I think 3.5 minutes down to less than 15 seconds for a recent kernel is
probably possible. On the other hand, tcc generates code which runs 3.5x
slower, so you'd have to be doing a lot of compiling and not much running for
it to save any time. JIT'ing the kernel is a fun exercise, nonetheless.

------
comex
Here are the raw API docs:

[https://gcc.gnu.org/onlinedocs/jit/genindex.html](https://gcc.gnu.org/onlinedocs/jit/genindex.html)

It seems much nicer, if more limited, than the old 'everything is type "tree"'
GENERIC API:

[https://gcc.gnu.org/onlinedocs/gccint/GENERIC.html#GENERIC](https://gcc.gnu.org/onlinedocs/gccint/GENERIC.html#GENERIC)

More competitive with LLVM for projects that don't mind the GPL. I'm looking
forward to finding a project to try it out on.

------
Twirrim
From the perspective of using a JIT within python that the blog post raises
you can see two different approaches of this being done in Python with the
LLVM:

1) The pyston project from Dropbox is an attempt to build a python runtime
sitting on top of the LLVM JIT

[https://github.com/dropbox/pyston](https://github.com/dropbox/pyston)

2) The numba project for python also uses llvm's jit direct from Python, just
requiring you to add a decorator:
[http://numba.pydata.org/](http://numba.pydata.org/)

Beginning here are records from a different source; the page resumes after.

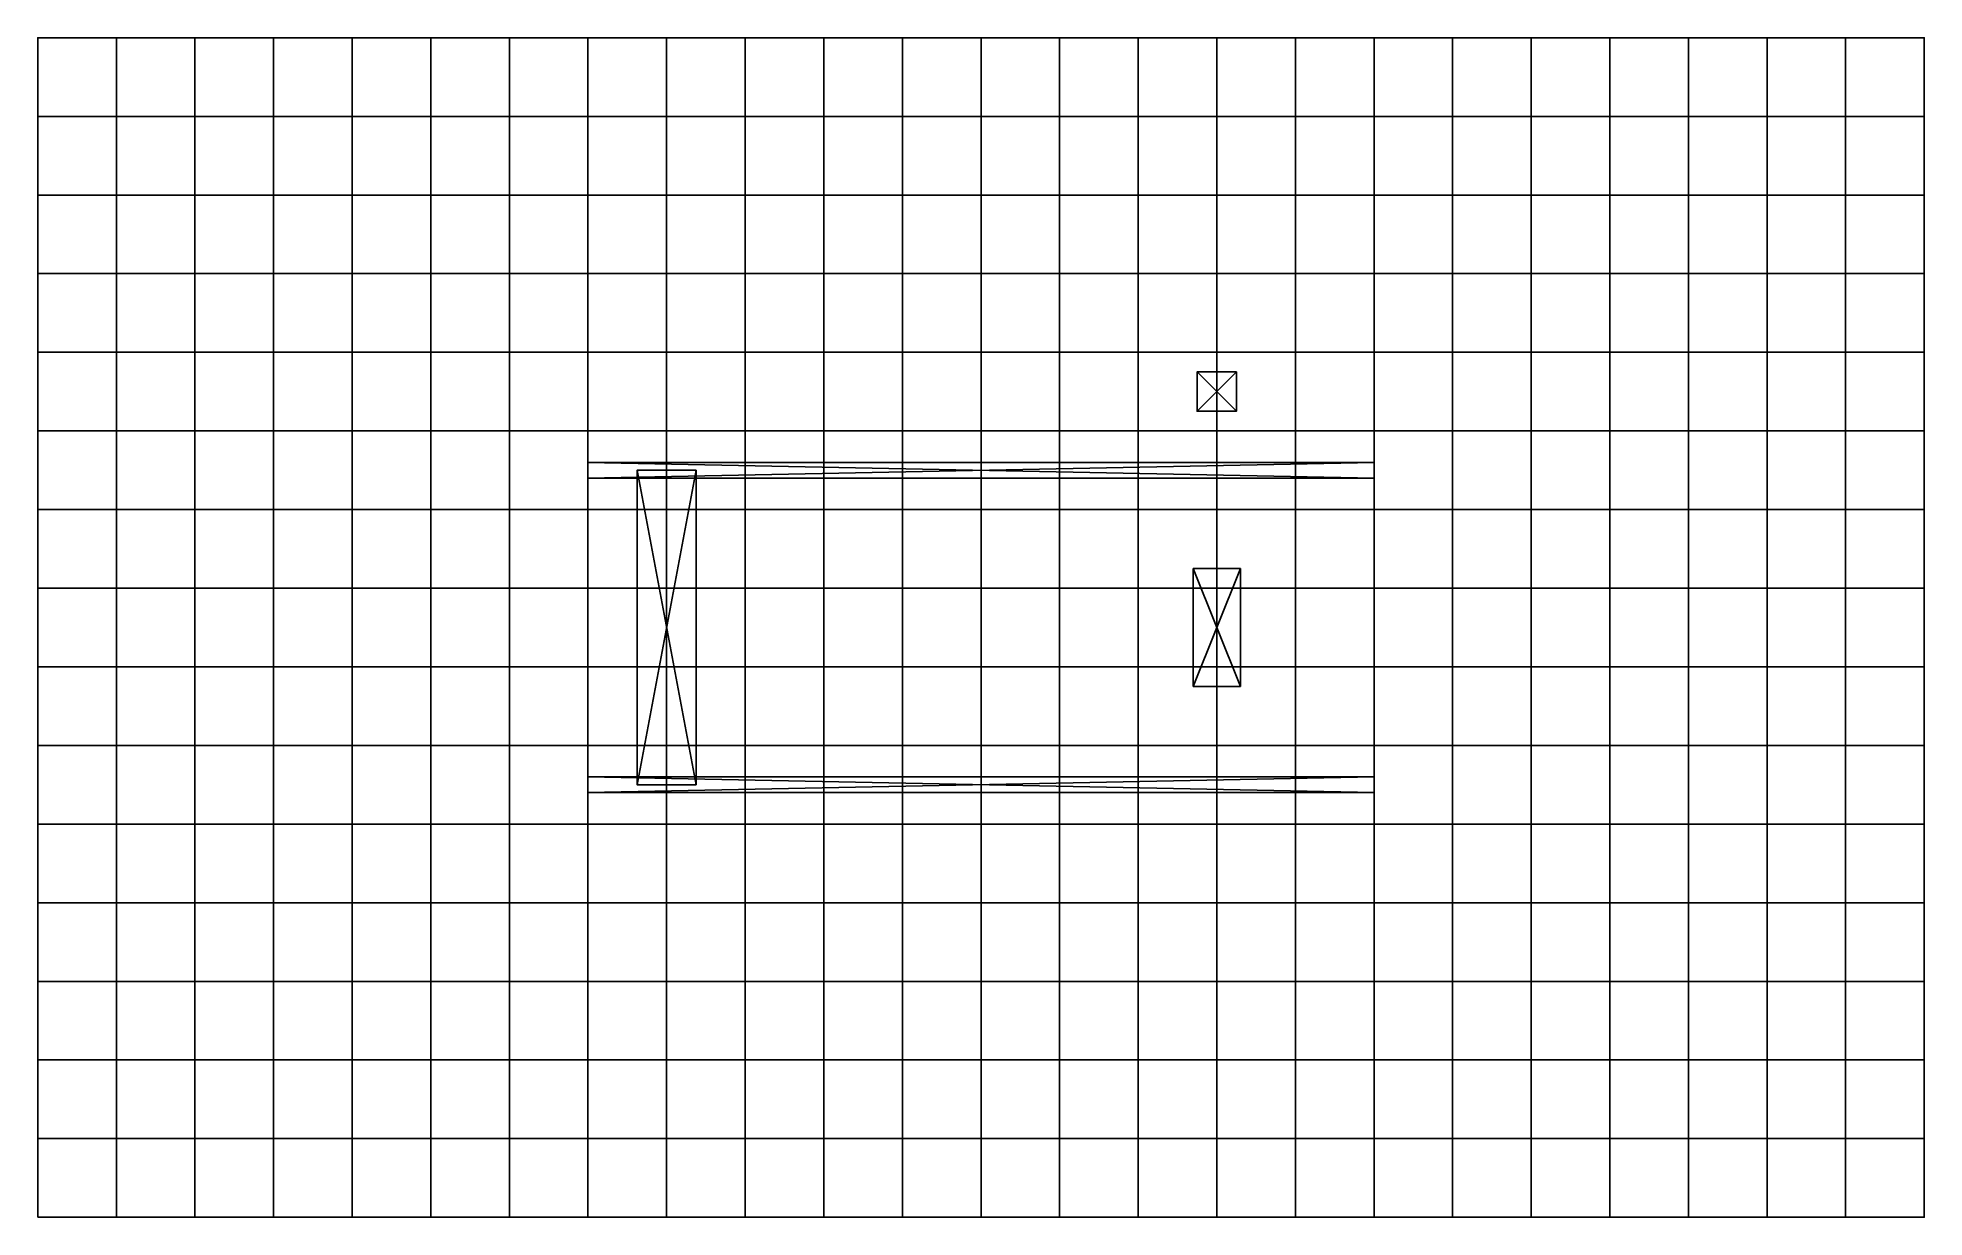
# Model space of a CAD drawing. Header units: metres. Extents: x 0 to 48, y 0 to 30.
import ezdxf

# ---------------------------------------------------------------- set-up
doc = ezdxf.new("R2010")
doc.units = ezdxf.units.M
for name, color, linetype in [('GELAENDE', 3, 'Continuous'), ('MAUER_LINKS', 1, 'Continuous'), ('MAUER_RECHTS', 1, 'Continuous'), ('PFEILER_MITTE', 2, 'Continuous'), ('PFEILER_RAND', 2, 'Continuous'), ('QS_OBERWASSER', 4, 'Continuous'), ('QS_UNTERWASSER', 4, 'Continuous'), ('WEHRKOERPER', 5, 'Continuous')]:
    doc.layers.add(name, color=color, linetype=linetype)

msp = doc.modelspace()

# ---------------------------------------------------------------- linework, layer by layer
at = {"layer": 'GELAENDE'}
for points in [[(0, 28, 99.837), (2, 28, 99.894), (2, 30, 99.954), (0, 30, 99.897)], [(2, 28, 99.894), (4, 28, 99.947), (4, 30, 100.007), (2, 30, 99.954)], [(4, 28, 99.947), (6, 28, 99.993), (6, 30, 100.053), (4, 30, 100.007)], [(6, 28, 99.993), (8, 28, 100.028), (8, 30, 100.088), (6, 30, 100.053)], [(8, 28, 100.028), (10, 28, 100.05), (10, 30, 100.11), (8, 30, 100.088)], [(10, 28, 100.05), (12, 28, 100.057), (12, 30, 100.117), (10, 30, 100.11)], [(12, 28, 100.057), (14, 28, 100.047), (14, 30, 100.106), (12, 30, 100.117)], [(14, 28, 100.047), (16, 28, 100.019), (16, 30, 100.079), (14, 30, 100.106)], [(16, 28, 100.019), (18, 28, 99.975), (18, 30, 100.035), (16, 30, 100.079)], [(18, 28, 99.975), (20, 28, 99.915), (20, 30, 99.975), (18, 30, 100.035)], [(20, 28, 99.915), (22, 28, 99.841), (22, 30, 99.901), (20, 30, 99.975)], [(22, 28, 99.841), (24, 28, 99.757), (24, 30, 99.817), (22, 30, 99.901)], [(24, 28, 99.757), (26, 28, 99.664), (26, 30, 99.724), (24, 30, 99.817)], [(26, 28, 99.664), (28, 28, 99.567), (28, 30, 99.627), (26, 30, 99.724)], [(28, 28, 99.567), (30, 28, 99.47), (30, 30, 99.53), (28, 30, 99.627)], [(30, 28, 99.47), (32, 28, 99.376), (32, 30, 99.436), (30, 30, 99.53)], [(32, 28, 99.376), (34, 28, 99.289), (34, 30, 99.349), (32, 30, 99.436)], [(34, 28, 99.289), (36, 28, 99.212), (36, 30, 99.272), (34, 30, 99.349)], [(36, 28, 99.212), (38, 28, 99.148), (38, 30, 99.208), (36, 30, 99.272)], [(38, 28, 99.148), (40, 28, 99.099), (40, 30, 99.159), (38, 30, 99.208)], [(40, 28, 99.099), (42, 28, 99.067), (42, 30, 99.127), (40, 30, 99.159)], [(42, 28, 99.067), (44, 28, 99.052), (44, 30, 99.112), (42, 30, 99.127)], [(44, 28, 99.052), (46, 28, 99.054), (46, 30, 99.114), (44, 30, 99.112)], [(46, 28, 99.054), (48, 28, 99.072), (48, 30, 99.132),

a quick introduction is here: [http://numba.pydata.org/numba-
doc/0.18.1/user/jit.html](http://numba.pydata.org/numba-
doc/0.18.1/user/jit.html)

------
fafner
I think the GNU Octave folks are using libgccjit to write a JIT for their
Matlab-like language.

------
arez
so did I got it right? If I want to write a script language I can use this
library to implement JIT compiling.

Because with compiled languages that are not running on an VM like JVM it is
impossible to use JIT compiling, because I don't have the source files.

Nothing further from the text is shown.